The pair will likely remain under pressure as investors target the key support at 1.1650.
- Set a sell-stop at 1.1700 and a take-profit at 1.1600.
- Add a stop-loss at 1.1750.
- Timeline: 1-2 days.
- Set a buy-stop at 1.1750 and a take-profit at 1.1800.
- Add a stop-loss at 1.1700.
The EUR/USD pair crawled back in the overnight session as focus remained on the Federal Reserve. The pair is trading at 1.1730, which is slightly above yesterday’s low of 1.1700.
Global Worries Remain
The EUR/USD pair declined sharply on Monday as the market worried about the new risks. The biggest risk was the impending collapse of Evergrande, the second-biggest real estate company from China. The company has already hired reorganization experts as its debts fall due. As such, investors are generally worried about contagion because of the systemic importance of the company.
Investors were also worried about the fiscal health of the United States.

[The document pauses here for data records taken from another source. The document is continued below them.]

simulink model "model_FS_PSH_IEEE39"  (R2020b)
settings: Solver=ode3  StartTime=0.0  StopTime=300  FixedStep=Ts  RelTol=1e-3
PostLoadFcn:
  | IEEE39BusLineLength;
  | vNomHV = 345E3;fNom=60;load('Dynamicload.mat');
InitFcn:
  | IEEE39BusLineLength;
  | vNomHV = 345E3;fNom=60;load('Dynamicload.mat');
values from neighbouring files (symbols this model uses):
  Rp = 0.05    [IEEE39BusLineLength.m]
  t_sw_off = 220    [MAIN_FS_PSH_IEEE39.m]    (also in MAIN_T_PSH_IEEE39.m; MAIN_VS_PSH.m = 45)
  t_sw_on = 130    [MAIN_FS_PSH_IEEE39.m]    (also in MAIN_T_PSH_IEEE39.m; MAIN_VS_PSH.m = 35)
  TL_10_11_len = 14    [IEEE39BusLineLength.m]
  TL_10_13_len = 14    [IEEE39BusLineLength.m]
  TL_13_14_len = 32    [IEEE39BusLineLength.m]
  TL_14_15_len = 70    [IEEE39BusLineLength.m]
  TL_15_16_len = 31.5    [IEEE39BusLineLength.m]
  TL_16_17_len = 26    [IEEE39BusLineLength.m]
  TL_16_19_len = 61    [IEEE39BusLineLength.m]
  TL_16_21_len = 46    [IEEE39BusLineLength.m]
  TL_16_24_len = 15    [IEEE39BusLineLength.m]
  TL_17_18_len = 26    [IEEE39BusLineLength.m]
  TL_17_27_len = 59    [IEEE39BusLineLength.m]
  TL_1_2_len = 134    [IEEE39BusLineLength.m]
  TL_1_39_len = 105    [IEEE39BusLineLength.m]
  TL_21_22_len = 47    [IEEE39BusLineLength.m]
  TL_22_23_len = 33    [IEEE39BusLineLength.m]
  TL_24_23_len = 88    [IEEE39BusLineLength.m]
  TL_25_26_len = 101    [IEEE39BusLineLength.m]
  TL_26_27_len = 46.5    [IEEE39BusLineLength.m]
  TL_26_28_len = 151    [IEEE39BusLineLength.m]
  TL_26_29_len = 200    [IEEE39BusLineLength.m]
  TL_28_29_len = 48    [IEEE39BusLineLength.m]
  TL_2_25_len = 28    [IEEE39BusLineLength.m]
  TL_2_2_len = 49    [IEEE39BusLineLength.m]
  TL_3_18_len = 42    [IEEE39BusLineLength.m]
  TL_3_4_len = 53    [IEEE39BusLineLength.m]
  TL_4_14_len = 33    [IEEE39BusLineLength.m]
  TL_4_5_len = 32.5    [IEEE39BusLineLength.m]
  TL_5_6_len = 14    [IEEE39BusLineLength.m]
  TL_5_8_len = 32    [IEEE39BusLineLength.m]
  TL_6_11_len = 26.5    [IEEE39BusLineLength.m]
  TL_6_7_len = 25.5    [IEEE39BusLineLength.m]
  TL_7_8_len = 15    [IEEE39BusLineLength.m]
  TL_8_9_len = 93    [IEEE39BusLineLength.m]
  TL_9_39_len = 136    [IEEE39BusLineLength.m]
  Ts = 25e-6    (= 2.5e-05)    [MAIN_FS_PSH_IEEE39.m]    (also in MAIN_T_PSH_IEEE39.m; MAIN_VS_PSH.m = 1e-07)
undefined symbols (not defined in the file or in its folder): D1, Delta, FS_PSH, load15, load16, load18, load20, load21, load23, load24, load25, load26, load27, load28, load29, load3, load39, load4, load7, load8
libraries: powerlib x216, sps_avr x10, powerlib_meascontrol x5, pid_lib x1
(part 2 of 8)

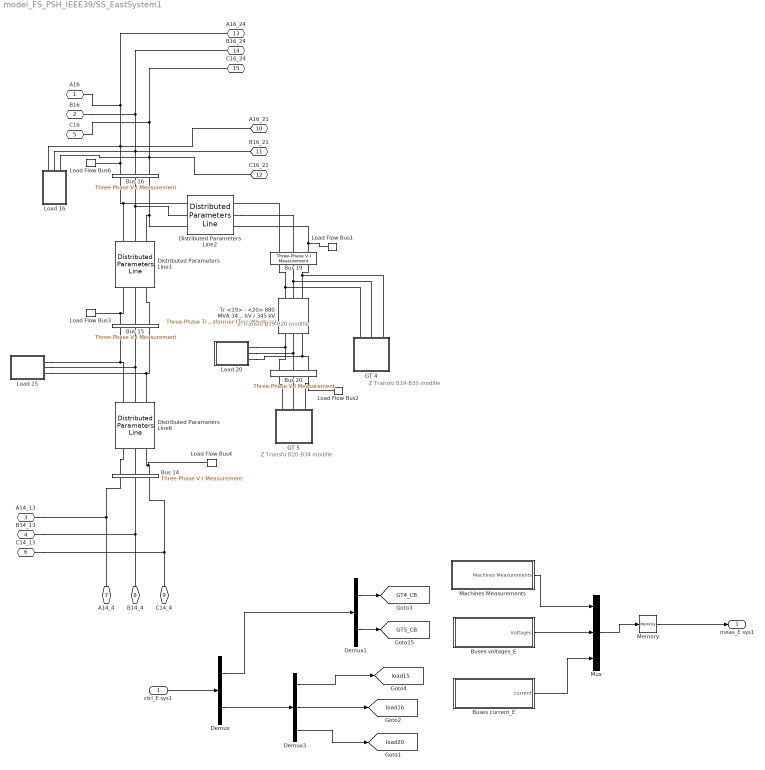
== system model_FS_PSH_IEEE39/SS_EastSystem1 ==
  note: Z Transfo B19-B20 modifie
  note: Z Transfo B20-B34 modifie
  note: Z Transfo B19-B33 modifie
  ctrl_E sys1 : Inport
  Bus 14 : powerlib/Measurements/Three-Phase V-I Measurement  VoltageMeasurement=phase-to-ground  SetLabelV=on  LabelV=V_bus_14  Vpu=off  VpuLL=off  CurrentMeasurement=yes  SetLabelI=on  LabelI=I_bus_14  Ipu=off  Pbase=100e6  Vbase=230e3  OutputType=Complex  PhasorSimulation=off  PSBequivalent=0
  Bus 15 : powerlib/Measurements/Three-Phase V-I Measurement  VoltageMeasurement=phase-to-ground  SetLabelV=on  LabelV=V_bus_15  Vpu=off  VpuLL=off  CurrentMeasurement=yes  SetLabelI=on  LabelI=I_bus_15  Ipu=off  Pbase=100e6  Vbase=230e3  OutputType=Complex  PhasorSimulation=off  PSBequivalent=0
  Bus 16 : powerlib/Measurements/Three-Phase V-I Measurement  VoltageMeasurement=phase-to-ground  SetLabelV=on  LabelV=V_bus_16  Vpu=off  VpuLL=off  CurrentMeasurement=yes  SetLabelI=on  LabelI=I_bus_16  Ipu=off  Pbase=100e6  Vbase=230e3  OutputType=Complex  PhasorSimulation=off  PSBequivalent=0
  Bus 19 : powerlib/Measurements/Three-Phase V-I Measurement  VoltageMeasurement=phase-to-ground  SetLabelV=on  LabelV=V_bus_19  Vpu=off  VpuLL=off  CurrentMeasurement=yes  SetLabelI=on  LabelI=I_bus_19  Ipu=off  Pbase=100e6  Vbase=230e3  OutputType=Complex  PhasorSimulation=off  PSBequivalent=0
  Bus 20 : powerlib/Measurements/Three-Phase V-I Measurement  VoltageMeasurement=phase-to-ground  SetLabelV=on  LabelV=V_bus_20  Vpu=off  VpuLL=off  CurrentMeasurement=yes  SetLabelI=on  LabelI=I_bus_20  Ipu=off  Pbase=100e6  Vbase=230e3  OutputType=Complex  PhasorSimulation=off  PSBequivalent=0
  Buses current_E : Subsystem
  Buses voltages_E : Subsystem
  Demux : Demux  Outputs=[2 6]
  Demux1 : Demux  Outputs=2
  Demux3 : Demux  Outputs=[2 2 2]
  Distributed Parameters Line1 : powerlib/Elements/Distributed Parameters Line  Phases=3  Length=TL_15_16_len  Frequency=fNom  Resistance=[1.071 4.285]/TL_15_16_len  Inductance=[0.03 0.089]/TL_15_16_len  Capacitance=[0.381e-6 0.173e-6]/TL_15_16_len  x1=[-0.000125 3.4902500343367e-08 265479.422569756 -48047.3717186245;-0.0001 3.46336269469464e-08 265014.796789079 -50547.2771775477;-7.5e-05 3.43616771915251e-08 264526.630861809 -53042.6927350425;-5e-05 3.40866752332531e-08 264014.968149667 -55533.3967338704;-2.5e-05 3.38086454993943e-08 263479.854101493 -58019.1679353007]  x2=[-0.000125 2.71337236080826e-08 262482.190210071 -41909.8217032638;-0.0001 2.68951060233545e-08 262075.54172196 -44381.7517104341;-7.5e-05 2.66540994597991e-08 261645.614168886 -46849.7394737977;-5e-05 2.6410725325013e-08 261192.4457395 -49313.5657724113;-2.5e-05 2.61650052368941e-08 260716.076686843 -51773.0117549771]  x3=[-0.000125 -7.17341676398892e-11 385.03003069748 -363.103493535617;-0.0001 -7.41140474713889e-11 381.590808633361 -366.716103516931;-7.5e-05 -7.64873440646573e-11 378.117691467223 -370.296139653542;-5e-05 -7.88538466097683e-11 374.610987701415 -373.843283945939;-2.5e-05 -8.12133449002827e-11 371.07100882164 -377.357221316256]  x4=[-0.000125 1.63179245843169e-10 1497.54093239525 81.2880799475028;-0.0001 1.64895753292141e-10 1498.24049440522 67.1707152946296;-7.5e-05 1.66597613746861e-10 1498.8069740315 53.0473841504362;-5e-05 1.68284676038245e-10 1499.2403209561 38.9193410308571;-2.5e-05 1.69956790311664e-10 1499.54049668663 24.7878408703722]  x5=0.000124084648526721  V1=ones(3,3)  V2=ones(3,3)  I1=ones(3,3)  I2=ones(3,3)  nHarmo=1  Measurements=None  Decoupling=off  VsMag0=0  VrMag0=0  VsAngle0=0  VrAngle0=0  IsMag0=0  IrMag0=0  IsAngle0=0  IrAngle0=0
  Distributed Parameters Line2 : powerlib/Elements/Distributed Parameters Line  Phases=3  Length=TL_16_19_len  Frequency=fNom  Resistance=[1.904 7.618]/TL_16_19_len  Inductance=[0.062 0.185]/TL_16_19_len  Capacitance=[0.677e-6 0.308e-6]/TL_16_19_len  x1=[-0.00025 3.61998957215348e-08 164457.7917293 -213872.689540181;-0.000225 3.59467568245282e-08 166466.150340024 -212313.23501404;-0.0002 3.56904249287326e-08 168459.722464751 -210734.921598748;-0.000175 3.54309228030293e-08 170438.331022878 -209137.88948923;-0.00015 3.51682734978974e-08 172401.800262951 -207522.280543111;-0.000125 3.4902500343367e-08 174349.955778281 -205888.23826812;-0.0001 3.46336269469464e-08 176282.624522429 -204235.907809339;-7.5e-05 3.43616771915251e-08 178199.634824584 -202565.435936314;-5e-05 3.40866752332531e-08 180100.816404805 -200876.971030016;-2.5e-05 3.38086454993943e-08 181986.000389152 -199170.66306966]  x2=[-0.00025 1.39140633367217e-07 179712.589064987 -204780.680260723;-0.000225 1.38613843536274e-07 181634.583034065 -203077.85776771;-0.0002 1.38074741222269e-07 183540.443169248 -201356.996725153;-0.000175 1.37523374311387e-07 185430.00018102 -199618.24998988;-0.00015 1.36959791779225e-07 187303.086228001 -197861.772007431;-0.000125 1.36384043686441e-07 189159.534931857 -196087.718798335;-0.0001 1.35796181174311e-07 190999.181392082 -194296.247944257;-7.5e-05 1.35196256460182e-07 192821.862200639 -192487.518573996;-5e-05 1.34584322832836e-07 194627.41545648 -190661.691349353;-2.5e-05 1.33960434647755e-07 196415.680779925 -188818.928450859]  x3=[-0.00025 6.09504380936159e-10 951.887942094555 -1339.93123171092;-0.000225 6.22475010302112e-10 964.473971369713 -1330.90044331579;-0.0002 6.35390347838437e-10 976.974330490048 -1321.75143664788;-0.000175 6.48249246330176e-10 989.387909101386 -1312.48502437487;-0.00015 6.61050563575614e-10 1001.7136045579 -1303.10202959308;-0.000125 6.73793162487735e-10 1013.95032202004 -1293.60328575435;-0.0001 6.86475911195223e-10 1026.09697455182 -1283.98963659204;-7.5e-05 6.99097683143007e-10 1038.15248321733 -1274.26193604604;-5e-05 7.11657357192321e-10 1050.11577717658 -1264.42104818698;-2.5e-05 7.24153817720295e-10 1061.98579378062 -1254.46784713941]  x4=[-0.00025 -3.80775285541496e-10 126.765412985895 -80.7754774079847;-0.000225 -3.9465237473206e-10 127.521063687958 -79.5772459689884;-0.0002 -4.0849440861678e-10 128.265387231805 -78.3719460188816;-0.000175 -4.22300157666171e-10 128.998317502315 -77.1596846193749;-0.00015 -4.36068395573776e-10 129.719789396383 -75.9405694505352;-0.000125 -4.49797899365095e-10 130.429738828704 -74.714708801221;-0.0001 -4.63487449506216e-10 131.128102737464 -73.4822115594631;-7.5e-05 -4.77135830012141e-10 131.814819089944 -72.243187202793;-5e-05 -4.90741828554797e-10 132.489826888025 -70.9977457885181;-2.5e-05 -5.04304236570722e-10 133.153066173613 -69.7459979439462]  x5=0.000238704838660635  V1=ones(3,3)  V2=ones(3,3)  I1=ones(3,3)  I2=ones(3,3)  nHarmo=1  Measurements=None  Decoupling=off  VsMag0=0  VrMag0=0  VsAngle0=0  VrAngle0=0  IsMag0=0  IrMag0=0  IsAngle0=0  IrAngle0=0
  Distributed Parameters Line6 : powerlib/Elements/Distributed Parameters Line  Phases=3  Length=TL_14_15_len  Frequency=fNom  Resistance=[2.142 8.57]/TL_14_15_len  Inductance=[0.069 0.206]/TL_14_15_len  Capacitance=[0.816e-6 0.371e-6]/TL_14_15_len  x1=[-0.0003 2.87345809506778e-08 0 0;-0.000275 2.85133357422329e-08 0 0;-0.00025 2.82895578144404e-08 264165.054992596 -29498.7341624213;-0.000225 2.80632670445498e-08 263875.302178294 -31987.0755016542;-0.0002 2.78344835330156e-08 263562.1104339 -34472.5755638885;-0.000175 2.76032276017123e-08 263225.507578914 -36955.0135726373;-0.00015 2.73695197921287e-08 262865.523512349 -39434.1690234031;-0.000125 2.71333808635439e-08 262482.190210071 -41909.8217032638;-0.0001 2.68948317911829e-08 262075.54172196 -44381.7517104341;-7.5e-05 2.66538937643535e-08 261645.614168886 -46849.7394737977;-5e-05 2.64105881845645e-08 261192.4457395 -49313.5657724113;-2.5e-05 2.61649366636243e-08 260716.076686843 -51773.0117549771]  x2=[-0.0003 6.24094556204278e-10 0 0;-0.000275 4.61999476276479e-10 0 0;-0.00025 2.99863358883869e-10 263159.120629807 -41326.7536874411;-0.000225 1.37700605893883e-10 262757.937699874 -43805.0887206173;-0.0002 -2.44743784601162e-11 262333.415090621 -46279.5327325279;-0.000175 -1.86647188858308e-10 261885.590510602 -48749.8659287483;-0.00015 -3.48803420173973e-10 261414.503738185 -51215.8688800003;-0.000125 -5.10928668753042e-10 260920.196618021 -53677.3225416431;-0.0001 -6.7300853369351e-10 260402.713057326 -56134.00827313;-7.5e-05 -8.35028618124614e-10 259862.099021983 -58585.7078574297;-5e-05 -9.96974530485636e-10 259298.402532457 -61032.203520409;-2.5e-05 -1.15883188580425e-09 258711.673659527 -63473.2779501774]  x3=[-0.0003 -7.80847688654747e-11 0 0;-0.000275 -8.16269036474497e-11 0 0;-0.00025 -8.51617878558679e-11 1355.39648204289 -135.7397363046;-0.000225 -8.86891075018747e-11 1354.05698540632 -148.507798254868;-0.0002 -9.22085492685438e-11 1352.59721359903 -161.262668883808;-0.000175 -9.57198005387079e-11 1351.01729628636 -174.003215230061;-0.00015 -9.92225494227265e-11 1349.31737380572 -186.728305604633;-0.000125 -1.02716484786191e-10 1347.49759715406 -199.436809691419;-0.0001 -1.06201296277559e-10 1345.55812797444 -212.127598647605;-7.5e-05 -1.09676674355726e-10 1343.49913854175 -224.799545203936;-5e-05 -1.13142310317515e-10 1341.32081174733 -237.451523764848;-2.5e-05 -1.16597896325101e-10 1339.02334108275 -250.082410508451]  x4=[-0.0003 1.19155637290744e-10 0 0;-0.000275 1.22199542792014e-10 0 0;-0.00025 1.25232593823324e-10 458.889537574224 -25.6157807215602;-0.000225 1.28254520971542e-10 458.627703746773 -29.9394798254312;-0.0002 1.31265055811628e-10 458.325131954845 -34.260519531591;-0.000175 1.34263930930469e-10 457.981849074614 -38.5785160203082;-0.00015 1.37250879950636e-10 457.597885598451 -42.8930857421677;-0.000125 1.40225637554049e-10 457.173275632212 -47.2038454521394;-0.0001 1.43187939505534e-10 456.70805689221 -51.5104122436206;-7.5e-05 1.46137522676307e-10 456.202270701863 -55.8124035824481;-5e-05 1.49074125067333e-10 455.655961988025 -60.1094373408764;-2.5e-05 1.51997485832609e-10 455.069179276995 -64.4011318315213]  x5=0.000276452527570286  V1=ones(3,3)  V2=ones(3,3)  I1=ones(3,3)  I2=ones(3,3)  nHarmo=1  Measurements=None  Decoupling=off  VsMag0=0  VrMag0=0  VsAngle0=0  VrAngle0=0  IsMag0=0  IrMag0=0  IsAngle0=0  IrAngle0=0
  GT 4 : Subsystem
  GT 5 : Subsystem
  Load 15 : Subsystem
  Load 16 : Subsystem
  Load 20 : Subsystem
  Load Flow Bus1 : powerlib/Measurements/Load Flow Bus  LConnTagsString=a  Phases=single  Connectors=on one side  ID=Bus-19  Vbase=345e+003  Vref=1  Vangle=0  VLF=1.019  VLFb=1  VLFc=1  angleLF=21.55  angleLFb=0  angleLFc=0
      settings: AttributesFormatString=%<ID>\n%<Vbase>V\n%<VLF>pu\n%<angleLF>deg.
  Load Flow Bus2 : powerlib/Measurements/Load Flow Bus  LConnTagsString=a  Phases=single  Connectors=on one side  ID=Bus-20  Vbase=345e+003  Vref=1  Vangle=0  VLF=0.9613  VLFb=1  VLFc=1  angleLF=-10.55  angleLFb=0  angleLFc=0
      settings: AttributesFormatString=%<ID>\n%<Vbase>V\n%<VLF>pu\n%<angleLF>deg.
  Load Flow Bus3 : powerlib/Measurements/Load Flow Bus  LConnTagsString=a  Phases=single  Connectors=on one side  ID=Bus-15  Vbase=345e+003  Vref=1  Vangle=0  VLF=0.996  VLFb=1  VLFc=1  angleLF=18.53  angleLFb=0  angleLFc=0
      settings: AttributesFormatString=%<ID>\n%<Vbase>V\n%<VLF>pu\n%<angleLF>deg.
  Load Flow Bus4 : powerlib/Measurements/Load Flow Bus  LConnTagsString=a  Phases=single  Connectors=on one side  ID=Bus-14  Vbase=345e+003  Vref=1  Vangle=0  VLF=1.001  VLFb=1  VLFc=1  angleLF=20.12  angleLFb=0  angleLFc=0
      settings: AttributesFormatString=%<ID>\n%<Vbase>V\n%<VLF>pu\n%<angleLF>deg.
  Load Flow Bus6 : powerlib/Measurements/Load Flow Bus  LConnTagsString=a  Phases=single  Connectors=on one side  ID=Bus-16  Vbase=345e+003  Vref=1  Vangle=0  VLF=1.007  VLFb=1  VLFc=1  angleLF=19.22  angleLFb=0  angleLFc=0
      settings: AttributesFormatString=%<ID>\n%<Vbase>V\n%<VLF>pu\n%<angleLF>deg.
  Machines Measurements : Subsystem
      mask Display: disp('Machines Measurements')
  Memory : Memory
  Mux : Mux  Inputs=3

Joe Biden faces a significant challenge securing the senate votes he needs to avoid a government shutdown.
In a statement in the Wall Street Journal, Janet Yellen warned that failing to raise the debt ceiling will lead to a major avoidable financial crisis. For one, it will lead to a credit rate downgrade and a potential default of the American government. The situation is worrisome considering that Biden needs 60 votes in the senate to raise the ceiling.
The EUR/USD also declined because of the ongoing power crisis in Europe as the price of natural gas rose. There are concerns that the region will see higher power costs as the winter season approaches.
Looking ahead, the key mover for the pair this week will be the Federal Reserve interest rate decision. The bank is expected to leave interest rates unchanged at the range of 0.0% and 0.25%. The bank is also expected to make a decision on quantitative easing (QE). There are signs that it will hint at possible tapering in the fourth quarter.
Later today, the Riksbank, the world’s oldest central bak will deliver its rate decision while the US will publish the latest housing starts and building permits data.
EUR/USD Technical Analysis
The EUR/USD pair declined sharply on Monday but it pared back some of the losses in the evening session. The pair is trading at 1.1730, which was slightly above the lowest level on Monday. It remains slightly below the 25-day moving average and the double-top pattern at 1.1910.
It is also below the Ichimoku cloud while the Relative Strength Index (RSI) has also been in a bearish trend. Therefore, the pair will likely remain under pressure as investors target the key support at 1.1650.